Journal Arzneimittel-Forschung
Year 2001
Topically applied capsaicin (CAS 404-86-4) induces the release of substance P, a neurotransmitter, from sensory C-fibres. In addition, there is a specific blockade of transport and de-novo synthesis of substance P. As a result, repeated applications of capsaicin bring about a long lasting desensitisation to pain (increase of pain threshold). The desensitising effect is fully reversible. The confirmed pharmacodynamic actions and a number of double-blind clinical studies indicate that local capsicum preparations are very suitable for the treatment of neuropathic pain or musculoskeletal disorders, with or without inflammatory components. In a double-blind, randomised parallel-group study a capsicum plaster was compared with a placebo for 3 weeks in 154 patients with non-specific back pain. Inclusion criteria were a history of back pain for a minimum period of 3 months and a degree of pain of 5 or more on an eleven grade visual analogue scale. The principal target variable consisted of the score of 3 combined pain scales. Secondary efficacy measures were tests of mobility, a disability index (in the context of Arhus low back rating scale) and global assessments by physicians and patients.
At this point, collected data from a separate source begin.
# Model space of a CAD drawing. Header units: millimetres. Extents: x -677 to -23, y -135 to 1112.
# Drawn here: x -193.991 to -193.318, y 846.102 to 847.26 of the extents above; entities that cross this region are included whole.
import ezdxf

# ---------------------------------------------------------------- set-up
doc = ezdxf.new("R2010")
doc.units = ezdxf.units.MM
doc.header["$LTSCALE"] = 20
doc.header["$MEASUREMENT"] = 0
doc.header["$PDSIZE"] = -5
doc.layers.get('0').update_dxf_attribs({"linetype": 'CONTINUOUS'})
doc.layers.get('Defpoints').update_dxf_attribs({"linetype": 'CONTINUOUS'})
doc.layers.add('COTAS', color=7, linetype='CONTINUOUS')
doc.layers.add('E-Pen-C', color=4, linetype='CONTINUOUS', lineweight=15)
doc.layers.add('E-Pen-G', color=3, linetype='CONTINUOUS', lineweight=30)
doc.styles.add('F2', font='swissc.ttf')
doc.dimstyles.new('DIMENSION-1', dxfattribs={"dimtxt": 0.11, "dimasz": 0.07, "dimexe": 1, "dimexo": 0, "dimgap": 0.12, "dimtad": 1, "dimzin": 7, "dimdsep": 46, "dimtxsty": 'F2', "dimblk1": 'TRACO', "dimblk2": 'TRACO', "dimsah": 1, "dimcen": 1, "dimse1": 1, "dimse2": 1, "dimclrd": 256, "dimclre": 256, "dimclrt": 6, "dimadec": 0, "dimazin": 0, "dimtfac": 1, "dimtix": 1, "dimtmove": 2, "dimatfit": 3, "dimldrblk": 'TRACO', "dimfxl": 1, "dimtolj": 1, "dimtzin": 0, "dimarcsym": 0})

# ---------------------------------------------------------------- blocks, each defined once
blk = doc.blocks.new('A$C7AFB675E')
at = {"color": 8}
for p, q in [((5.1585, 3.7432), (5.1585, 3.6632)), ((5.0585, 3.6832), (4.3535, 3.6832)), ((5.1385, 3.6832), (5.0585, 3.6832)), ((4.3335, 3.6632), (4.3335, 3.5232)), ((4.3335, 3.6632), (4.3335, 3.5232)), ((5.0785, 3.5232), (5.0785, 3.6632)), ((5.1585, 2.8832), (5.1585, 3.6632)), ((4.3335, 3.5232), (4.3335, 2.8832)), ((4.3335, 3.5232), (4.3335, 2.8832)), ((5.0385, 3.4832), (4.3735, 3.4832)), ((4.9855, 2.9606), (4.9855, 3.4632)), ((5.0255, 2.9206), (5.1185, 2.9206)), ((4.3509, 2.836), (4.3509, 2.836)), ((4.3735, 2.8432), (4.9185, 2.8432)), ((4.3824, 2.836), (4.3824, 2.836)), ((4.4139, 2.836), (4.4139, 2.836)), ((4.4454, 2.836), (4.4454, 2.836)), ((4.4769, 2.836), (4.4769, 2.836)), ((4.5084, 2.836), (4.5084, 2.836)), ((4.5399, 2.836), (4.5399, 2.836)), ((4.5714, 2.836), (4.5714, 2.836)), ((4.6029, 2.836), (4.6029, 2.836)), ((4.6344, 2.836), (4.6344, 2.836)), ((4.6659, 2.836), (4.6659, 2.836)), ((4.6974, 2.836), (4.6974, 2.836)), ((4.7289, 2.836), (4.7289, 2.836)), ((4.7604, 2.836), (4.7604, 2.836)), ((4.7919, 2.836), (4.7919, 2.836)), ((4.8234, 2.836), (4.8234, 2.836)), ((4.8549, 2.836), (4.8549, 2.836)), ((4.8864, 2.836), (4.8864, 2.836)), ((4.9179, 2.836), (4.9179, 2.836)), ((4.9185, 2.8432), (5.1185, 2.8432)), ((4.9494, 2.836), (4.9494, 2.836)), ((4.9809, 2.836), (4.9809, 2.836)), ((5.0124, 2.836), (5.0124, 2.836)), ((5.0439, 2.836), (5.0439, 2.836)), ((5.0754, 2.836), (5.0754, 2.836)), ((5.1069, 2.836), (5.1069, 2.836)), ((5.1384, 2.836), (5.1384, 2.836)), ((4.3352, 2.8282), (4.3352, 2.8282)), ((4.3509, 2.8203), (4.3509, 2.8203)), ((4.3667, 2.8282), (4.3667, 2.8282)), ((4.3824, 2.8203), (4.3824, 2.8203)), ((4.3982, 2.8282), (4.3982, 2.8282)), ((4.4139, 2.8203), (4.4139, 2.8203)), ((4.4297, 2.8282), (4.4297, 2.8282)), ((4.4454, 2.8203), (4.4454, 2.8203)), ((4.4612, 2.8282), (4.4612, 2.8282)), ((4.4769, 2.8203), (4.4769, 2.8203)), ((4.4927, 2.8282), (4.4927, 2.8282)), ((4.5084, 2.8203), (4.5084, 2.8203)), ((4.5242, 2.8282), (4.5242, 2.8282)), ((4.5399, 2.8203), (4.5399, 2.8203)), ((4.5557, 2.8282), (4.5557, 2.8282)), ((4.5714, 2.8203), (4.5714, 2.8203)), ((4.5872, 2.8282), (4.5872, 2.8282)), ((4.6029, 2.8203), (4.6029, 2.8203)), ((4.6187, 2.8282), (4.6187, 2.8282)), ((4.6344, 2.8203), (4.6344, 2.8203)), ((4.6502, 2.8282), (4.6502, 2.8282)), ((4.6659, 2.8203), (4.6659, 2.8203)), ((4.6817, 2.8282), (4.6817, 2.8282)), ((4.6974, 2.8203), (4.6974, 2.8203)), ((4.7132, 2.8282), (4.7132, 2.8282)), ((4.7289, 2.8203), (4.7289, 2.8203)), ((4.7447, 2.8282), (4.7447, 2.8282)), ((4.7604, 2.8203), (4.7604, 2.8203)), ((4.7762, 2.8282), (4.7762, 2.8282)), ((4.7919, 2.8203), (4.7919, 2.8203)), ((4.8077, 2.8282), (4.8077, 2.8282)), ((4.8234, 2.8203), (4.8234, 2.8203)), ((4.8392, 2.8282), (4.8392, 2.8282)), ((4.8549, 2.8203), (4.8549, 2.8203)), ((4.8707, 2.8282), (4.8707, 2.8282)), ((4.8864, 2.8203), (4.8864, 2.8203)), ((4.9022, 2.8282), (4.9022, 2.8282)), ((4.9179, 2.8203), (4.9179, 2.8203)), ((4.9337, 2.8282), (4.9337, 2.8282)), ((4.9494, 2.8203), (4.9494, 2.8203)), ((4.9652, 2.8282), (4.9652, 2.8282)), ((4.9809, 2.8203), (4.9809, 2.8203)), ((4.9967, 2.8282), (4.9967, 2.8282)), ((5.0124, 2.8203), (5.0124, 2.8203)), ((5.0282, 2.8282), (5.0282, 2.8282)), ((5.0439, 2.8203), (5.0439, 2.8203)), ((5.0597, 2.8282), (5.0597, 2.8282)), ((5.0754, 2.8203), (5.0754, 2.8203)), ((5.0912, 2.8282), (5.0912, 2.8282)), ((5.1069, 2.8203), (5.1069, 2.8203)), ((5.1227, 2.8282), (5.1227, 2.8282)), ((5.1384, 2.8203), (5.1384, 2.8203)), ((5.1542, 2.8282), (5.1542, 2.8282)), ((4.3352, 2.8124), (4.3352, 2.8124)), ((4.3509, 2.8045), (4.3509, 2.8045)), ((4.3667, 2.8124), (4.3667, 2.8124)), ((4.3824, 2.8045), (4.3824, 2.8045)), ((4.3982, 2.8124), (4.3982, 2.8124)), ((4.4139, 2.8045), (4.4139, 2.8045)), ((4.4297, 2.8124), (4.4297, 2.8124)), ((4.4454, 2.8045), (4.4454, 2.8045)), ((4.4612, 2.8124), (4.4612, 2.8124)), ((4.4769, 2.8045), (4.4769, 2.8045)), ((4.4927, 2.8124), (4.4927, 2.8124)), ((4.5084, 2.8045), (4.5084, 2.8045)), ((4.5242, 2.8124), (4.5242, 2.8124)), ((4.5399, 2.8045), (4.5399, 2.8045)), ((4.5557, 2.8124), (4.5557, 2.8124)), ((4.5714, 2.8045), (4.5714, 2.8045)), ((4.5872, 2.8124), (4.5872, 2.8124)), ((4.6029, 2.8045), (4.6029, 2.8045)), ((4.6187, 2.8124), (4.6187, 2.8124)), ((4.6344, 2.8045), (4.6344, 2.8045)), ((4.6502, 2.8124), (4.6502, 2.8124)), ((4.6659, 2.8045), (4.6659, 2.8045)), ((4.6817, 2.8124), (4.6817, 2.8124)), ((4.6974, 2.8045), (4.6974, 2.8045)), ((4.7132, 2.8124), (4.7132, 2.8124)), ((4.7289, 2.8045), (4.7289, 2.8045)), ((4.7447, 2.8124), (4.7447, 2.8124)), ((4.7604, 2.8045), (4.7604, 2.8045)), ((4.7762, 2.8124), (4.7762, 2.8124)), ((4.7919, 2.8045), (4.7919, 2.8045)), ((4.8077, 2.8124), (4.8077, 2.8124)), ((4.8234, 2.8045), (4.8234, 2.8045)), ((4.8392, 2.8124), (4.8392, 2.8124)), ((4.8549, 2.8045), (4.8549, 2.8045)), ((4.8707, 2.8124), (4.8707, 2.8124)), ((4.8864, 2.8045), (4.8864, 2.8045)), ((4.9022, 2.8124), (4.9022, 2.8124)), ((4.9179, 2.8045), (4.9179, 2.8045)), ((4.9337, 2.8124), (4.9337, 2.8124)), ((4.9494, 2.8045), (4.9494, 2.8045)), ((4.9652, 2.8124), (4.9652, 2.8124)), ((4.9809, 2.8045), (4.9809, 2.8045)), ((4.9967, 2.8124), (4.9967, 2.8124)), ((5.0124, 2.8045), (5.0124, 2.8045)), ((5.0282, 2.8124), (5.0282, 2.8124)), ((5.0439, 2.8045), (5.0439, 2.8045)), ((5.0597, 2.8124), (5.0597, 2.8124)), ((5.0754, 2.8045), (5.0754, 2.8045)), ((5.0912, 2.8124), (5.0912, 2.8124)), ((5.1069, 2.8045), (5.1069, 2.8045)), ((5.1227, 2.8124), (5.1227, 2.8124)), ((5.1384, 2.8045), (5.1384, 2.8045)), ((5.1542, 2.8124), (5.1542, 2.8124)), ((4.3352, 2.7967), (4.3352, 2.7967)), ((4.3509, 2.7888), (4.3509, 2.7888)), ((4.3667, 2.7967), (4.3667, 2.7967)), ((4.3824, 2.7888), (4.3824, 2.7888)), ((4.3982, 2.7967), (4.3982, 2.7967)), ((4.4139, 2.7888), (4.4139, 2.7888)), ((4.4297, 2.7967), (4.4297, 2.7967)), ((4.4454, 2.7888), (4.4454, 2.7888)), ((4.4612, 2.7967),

For patients to be rated as responders their total pain score at the final examination after 3 weeks of treatment had to show a reduction by at least 30% of the baseline value. The study unequivocally achieved the target criterion with a rate of responders in the capsicum group of 60.8% against 42.1% in the placebo group (p = 0.0219). The sum of the 3 separate pain scales decreased more markedly in the capsicum group than in the placebo group (38.5% compared to 28.0%; p = 0.002). Relatively slight improvements of the impaired mobility and the functional status are explained by the characteristics of the disorder treated. The efficacy ratings by observers and patients was definitely in favour of capsicum. Adverse effects--mostly harmless and resolving spontaneously--were reported by 15 patients in the capsicum group and by 9 in the placebo group. The tolerance ratings by investigators and patients were superior to the placebo product. This, however, partly is due to the local pharmacological actions of the drug. As in comparably positive randomised studies with capsaicin cream in patients with osteoarthritis or fibromyalgia it was shown that a capsicum plaster preparation can also be used to advantage in chronic non-specific back pain.